Exercise: Please set down the line that contains "Pos_PU : Outport" and every line below it through the last, exactly as written, with no other lines.

[Stored data entries]
========

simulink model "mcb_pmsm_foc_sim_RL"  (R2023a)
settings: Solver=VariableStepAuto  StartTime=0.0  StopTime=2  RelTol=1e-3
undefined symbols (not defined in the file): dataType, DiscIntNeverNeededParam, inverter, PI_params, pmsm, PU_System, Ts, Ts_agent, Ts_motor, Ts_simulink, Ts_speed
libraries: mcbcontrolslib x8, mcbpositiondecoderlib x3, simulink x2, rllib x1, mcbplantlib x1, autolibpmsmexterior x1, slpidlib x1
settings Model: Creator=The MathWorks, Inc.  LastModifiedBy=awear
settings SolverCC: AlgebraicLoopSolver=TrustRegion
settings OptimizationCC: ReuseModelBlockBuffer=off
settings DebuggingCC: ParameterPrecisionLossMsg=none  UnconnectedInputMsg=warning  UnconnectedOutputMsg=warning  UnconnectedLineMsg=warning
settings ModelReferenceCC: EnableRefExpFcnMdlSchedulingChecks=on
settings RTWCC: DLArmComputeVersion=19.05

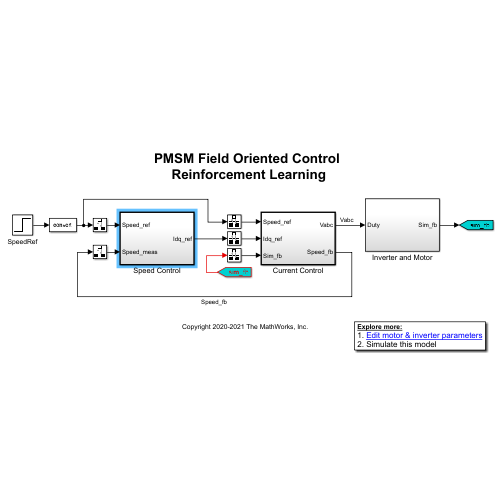
[thumbnail: Simulink's stored preview of the top-level diagram]
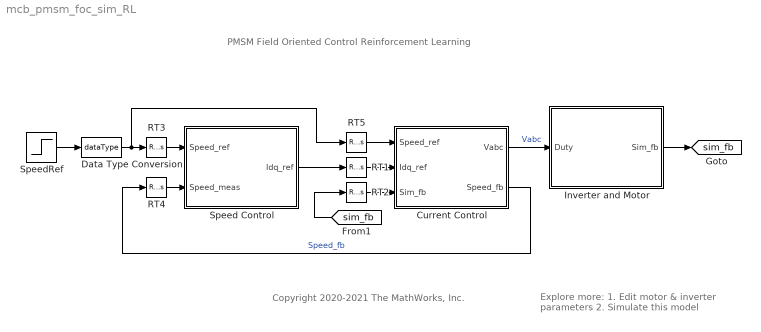
== system mcb_pmsm_foc_sim_RL ==
  note: PMSM Field Oriented Control
      | Reinforcement Learning
  note: Copyright 2020-2021 The MathWorks, Inc.
  note: Explore more:
      | 1. Edit motor & inverter parameters
      | 2. Simulate this model
  Current Control : Subsystem  TreatAsAtomicUnit=on
  Data Type Conversion : DataTypeConversion  OutDataTypeStr=dataType  SaturateOnIntegerOverflow=off  RndMeth=Floor
  Inverter and Motor : Subsystem
  RT1 : RateTransition  Deterministic=off  OutPortSampleTime=Ts
  RT2 : RateTransition  Deterministic=off  OutPortSampleTime=Ts
  RT3 : RateTransition  Deterministic=off  OutPortSampleTime=Ts_speed
  RT4 : RateTransition  Deterministic=off  OutPortSampleTime=Ts_speed
  RT5 : RateTransition  Deterministic=off  OutPortSampleTime=Ts
  Speed Control : Subsystem  TreatAsAtomicUnit=on  SystemSampleTime=Ts_speed
  SpeedRef : Step  Before=0.2  After=0.6  OutDataTypeStr=single  SampleTime=Ts_speed
  tag scope: sim_fb=global
  wires:
  Speed Control/1(Idq_ref) -> RT1/1
  RT5/1 -> Current Control/1(Speed_ref)
  SpeedRef/1 -> Data Type Conversion/1
  Current Control/2(Speed_fb) -> RT4/1  "Speed_fb"
  RT1/1 -> Current Control/2(Idq_ref)
  [sim_fb] -> RT2/1
  Data Type Conversion/1 -> RT5/1, RT3/1
  RT4/1 -> Speed Control/2(Speed_meas)
  Current Control/1(Vabc) -> Inverter and Motor/1(Duty)  "Vabc"
  RT3/1 -> Speed Control/1(Speed_ref)
  Inverter and Motor/1(Sim_fb) -> [sim_fb]
  RT2/1 -> Current Control/3(Sim_fb)

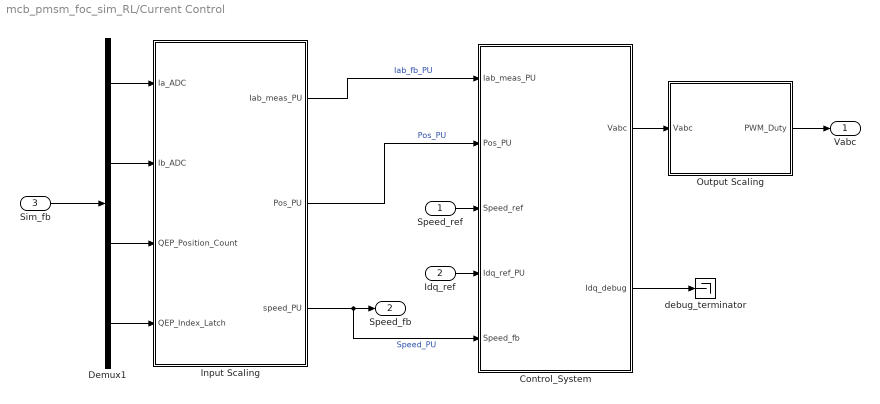
== system mcb_pmsm_foc_sim_RL/Current Control ==
  Speed_ref : Inport
  Idq_ref : Inport  Port=2
  Sim_fb : Inport  Port=3
  Control_System : Subsystem
  Demux1 : Demux
  Input Scaling : Subsystem
  Output Scaling : Subsystem
  debug_terminator : Terminator
  Vabc : Outport  InitialOutput=0  VectorParamsAs1DForOutWhenUnconnected=off
  Speed_fb : Outport  Port=2  InitialOutput=0  VectorParamsAs1DForOutWhenUnconnected=off
  wires:
  Input Scaling/2(Pos_PU) -> Control_System/2(Pos_PU)  "Pos_PU"
  Input Scaling/3(speed_PU) -> Control_System/5(Speed_fb), Speed_fb/1  "Speed_PU"
  Demux1/1 -> Input Scaling/1(Ia_ADC)
  Demux1/2 -> Input Scaling/2(Ib_ADC)
  Demux1/3 -> Input Scaling/3(QEP_Position_Count)
  Demux1/4 -> Input Scaling/4(QEP_Index_Latch)
  Control_System/2(Idq_debug) -> debug_terminator/1
  Sim_fb/1 -> Demux1/1
  Idq_ref/1 -> Control_System/4(Idq_ref_PU)
  Control_System/1(Vabc) -> Output Scaling/1(Vabc)
  Output Scaling/1(PWM_Duty) -> Vabc/1
  Input Scaling/1(Iab_meas_PU) -> Control_System/1(Iab_meas_PU)  "Iab_fb_PU"
  Speed_ref/1 -> Control_System/3(Speed_ref)

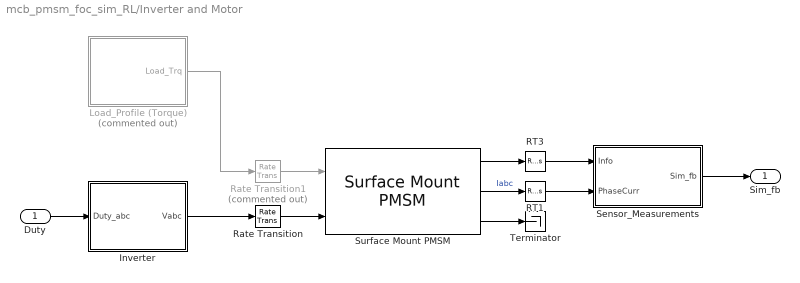
== system mcb_pmsm_foc_sim_RL/Inverter and Motor ==
  Duty : Inport
  Inverter : Subsystem
  Load_Profile (Torque) : Subsystem  Commented=on
  RT1 : RateTransition  Deterministic=off  OutPortSampleTime=Ts_simulink
  RT3 : RateTransition  Deterministic=off  OutPortSampleTime=Ts_simulink
  Rate Transition : RateTransition  Deterministic=off  OutPortSampleTime=Ts_motor
  Rate Transition1 : RateTransition  Commented=on  Deterministic=off  OutPortSampleTime=Ts_motor
  Sensor_Measurements : Subsystem
  Surface Mount PMSM : autolibpmsmexterior/Surface Mount PMSM  port_config=Torque  sim_type=Discrete  Ts=Ts_motor  P=pmsm.p  Rs=pmsm.Rs  Ldq_=pmsm.Ld  KConstText=Permanent flux linkage constant (lambda_pm):  lambda_pm=pmsm.FluxPM  Ke=159.9771  Kt=1.323  mechanical=[pmsm.J, pmsm.B, 0]  idq0=[0 0]  theta_init=0  omega_init=0  KConst=pmsm.FluxPM  lambda_pm_calc=pmsm.FluxPM  RefBlkName='autolibpmsmexterior/Surface Mount PMSM'  aMode=5  Ldq="[0.0002      0.0002]"
  Terminator : Terminator
  Sim_fb : Outport  VectorParamsAs1DForOutWhenUnconnected=off
  wires:
  Surface Mount PMSM/1 -> RT3/1
  RT1/1 -> Sensor_Measurements/2(PhaseCurr)
  RT3/1 -> Sensor_Measurements/1(Info)
  Inverter/1(Vabc) -> Rate Transition/1
  Rate Transition/1 -> Surface Mount PMSM/2
  Surface Mount PMSM/3 -> Terminator/1
  Rate Transition1/1 -> Surface Mount PMSM/1
  Sensor_Measurements/1(Sim_fb) -> Sim_fb/1
  Surface Mount PMSM/2 -> RT1/1  "Iabc"
  Load_Profile (Torque)/1(Load_Trq) -> Rate Transition1/1
  Duty/1 -> Inverter/1(Duty_abc)

== system mcb_pmsm_foc_sim_RL/Speed Control ==
  Speed_ref : Inport
  Speed_meas : Inport  Port=2
  Id_ref : Constant  Value=0  OutDataTypeStr=dataType  SampleTime=Ts_speed
  Mux1 : Mux  Inputs=2
  PI_Controller_Speed : Subsystem
  Speed Tracking : Scope  NumInputPorts=2
  Zero_Cancellation : mcbcontrolslib/IIR Filter  VariantControl=Low Pass Filter  VariantSelect=Low-pass  Filter_constant=0.01*(Ts_speed/Ts)  advancedSettings=off  Ts=50e-6  cutOff_freq=1
  Idq_ref : Outport  VectorParamsAs1DForOutWhenUnconnected=off
  wires:
  Speed_meas/1 -> Speed Tracking/2, PI_Controller_Speed/2(N_fb)  "Speed_fb"
  Id_ref/1 -> Mux1/1
  PI_Controller_Speed/1(Iq_ref) -> Mux1/2
  Mux1/1 -> Idq_ref/1
  Zero_Cancellation/1 -> PI_Controller_Speed/1(N_ref)
  Speed_ref/1 -> Speed Tracking/1, Zero_Cancellation/1  "Speed_Ref"

== system mcb_pmsm_foc_sim_RL/Current Control/Control_System ==
  Iab_meas_PU : Inport
  Pos_PU : Inport  Port=2
  Speed_ref : Inport  Port=3
  Idq_ref_PU : Inport  Port=4
  Speed_fb : Inport  Port=5
  Closed Loop Control : Subsystem
  Vabc : Outport  VectorParamsAs1DForOutWhenUnconnected=off
  Idq_debug : Outport  Port=2  VectorParamsAs1DForOutWhenUnconnected=off
  wires:
  Iab_meas_PU/1 -> Closed Loop Control/1(Iab_meas_PU)
  Pos_PU/1 -> Closed Loop Control/2(Pos_PU)
  Idq_ref_PU/1 -> Closed Loop Control/3(Idq_ref_PU)
  Closed Loop Control/1(Idq_debug) -> Idq_debug/1
  Closed Loop Control/2(Vabc in PU) -> Vabc/1
  Speed_ref/1 -> Closed Loop Control/4(Speed_ref)
  Speed_fb/1 -> Closed Loop Control/5(Speef_fb)

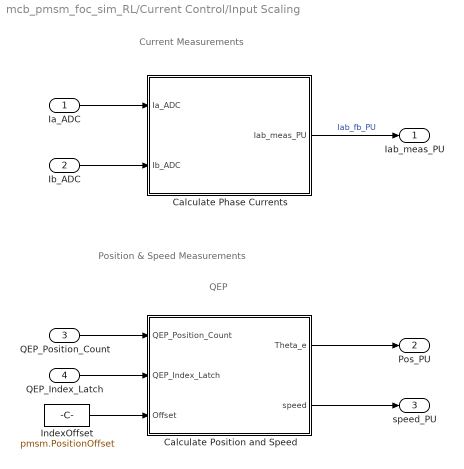
== system mcb_pmsm_foc_sim_RL/Current Control/Input Scaling ==
  note: Current Measurements
  note: Position & Speed Measurements
  note: QEP
  Ia_ADC : Inport
  Ib_ADC : Inport  Port=2
  QEP_Position_Count : Inport  Port=3
  QEP_Index_Latch : Inport  Port=4
  " Calculate Position and Speed" : Subsystem
  Calculate Phase Currents : Subsystem
  IndexOffset : Constant  Value=pmsm.PositionOffset  OutDataTypeStr=dataType  SampleTime=-1
  Iab_meas_PU : Outport
  Pos_PU : Outport  Port=2
  speed_PU : Outport  Port=3
  wires:
  " Calculate Position and Speed"/2(speed) -> speed_PU/1
  Calculate Phase Currents/1(Iab_meas_PU) -> Iab_meas_PU/1  "Iab_fb_PU"
  QEP_Position_Count/1 -> " Calculate Position and Speed"/1(QEP_Position_Count)
  " Calculate Position and Speed"/1(Theta_e) -> Pos_PU/1
  Ia_ADC/1 -> Calculate Phase Currents/1(Ia_ADC)
  Ib_ADC/1 -> Calculate Phase Currents/2(Ib_ADC)
  QEP_Index_Latch/1 -> " Calculate Position and Speed"/2(QEP_Index_Latch)
  IndexOffset/1 -> " Calculate Position and Speed"/3(Offset)

== system mcb_pmsm_foc_sim_RL/Current Control/Output Scaling ==
  Vabc : Inport
  Constant : Constant  Value=0.5  OutDataTypeStr=dataType
  Gain : Gain  Gain=0.5  OutDataTypeStr=dataType  RndMeth=Simplest
  Sum : Sum  Inputs=|++
  PWM_Duty : Outport
  wires:
  Gain/1 -> Sum/1
  Sum/1 -> PWM_Duty/1  "PWM_Duty_Cycles"
  Constant/1 -> Sum/2
  Vabc/1 -> Gain/1

== system mcb_pmsm_foc_sim_RL/Inverter and Motor/Inverter ==
  Duty_abc : Inport
  Average-Value Inverter : mcbplantlib/Average-Value Inverter
  Constant2 : Constant  Value=inverter.V_dc  OutDataTypeStr=single  SampleTime=-1
  Data Type Conversion1 : DataTypeConversion  OutDataTypeStr=single  RndMeth=Simplest  SaturateOnIntegerOverflow=off
  Rate Transition3 : RateTransition  Integrity=off  Deterministic=off  OutPortSampleTime=Ts_inverter
  Vabc : Outport  VectorParamsAs1DForOutWhenUnconnected=off
  wires:
  Constant2/1 -> Average-Value Inverter/2
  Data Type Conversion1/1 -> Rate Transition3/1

========

Reply:
  Pos_PU : Outport  Port=2
  speed_PU : Outport  Port=3
  wires:
  " Calculate Position and Speed"/2(speed) -> speed_PU/1
  Calculate Phase Currents/1(Iab_meas_PU) -> Iab_meas_PU/1  "Iab_fb_PU"
  QEP_Position_Count/1 -> " Calculate Position and Speed"/1(QEP_Position_Count)
  " Calculate Position and Speed"/1(Theta_e) -> Pos_PU/1
  Ia_ADC/1 -> Calculate Phase Currents/1(Ia_ADC)
  Ib_ADC/1 -> Calculate Phase Currents/2(Ib_ADC)
  QEP_Index_Latch/1 -> " Calculate Position and Speed"/2(QEP_Index_Latch)
  IndexOffset/1 -> " Calculate Position and Speed"/3(Offset)

== system mcb_pmsm_foc_sim_RL/Current Control/Output Scaling ==
  Vabc : Inport
  Constant : Constant  Value=0.5  OutDataTypeStr=dataType
  Gain : Gain  Gain=0.5  OutDataTypeStr=dataType  RndMeth=Simplest
  Sum : Sum  Inputs=|++
  PWM_Duty : Outport
  wires:
  Gain/1 -> Sum/1
  Sum/1 -> PWM_Duty/1  "PWM_Duty_Cycles"
  Constant/1 -> Sum/2
  Vabc/1 -> Gain/1

== system mcb_pmsm_foc_sim_RL/Inverter and Motor/Inverter ==
  Duty_abc : Inport
  Average-Value Inverter : mcbplantlib/Average-Value Inverter
  Constant2 : Constant  Value=inverter.V_dc  OutDataTypeStr=single  SampleTime=-1
  Data Type Conversion1 : DataTypeConversion  OutDataTypeStr=single  RndMeth=Simplest  SaturateOnIntegerOverflow=off
  Rate Transition3 : RateTransition  Integrity=off  Deterministic=off  OutPortSampleTime=Ts_inverter
  Vabc : Outport  VectorParamsAs1DForOutWhenUnconnected=off
  wires:
  Constant2/1 -> Average-Value Inverter/2
  Data Type Conversion1/1 -> Rate Transition3/1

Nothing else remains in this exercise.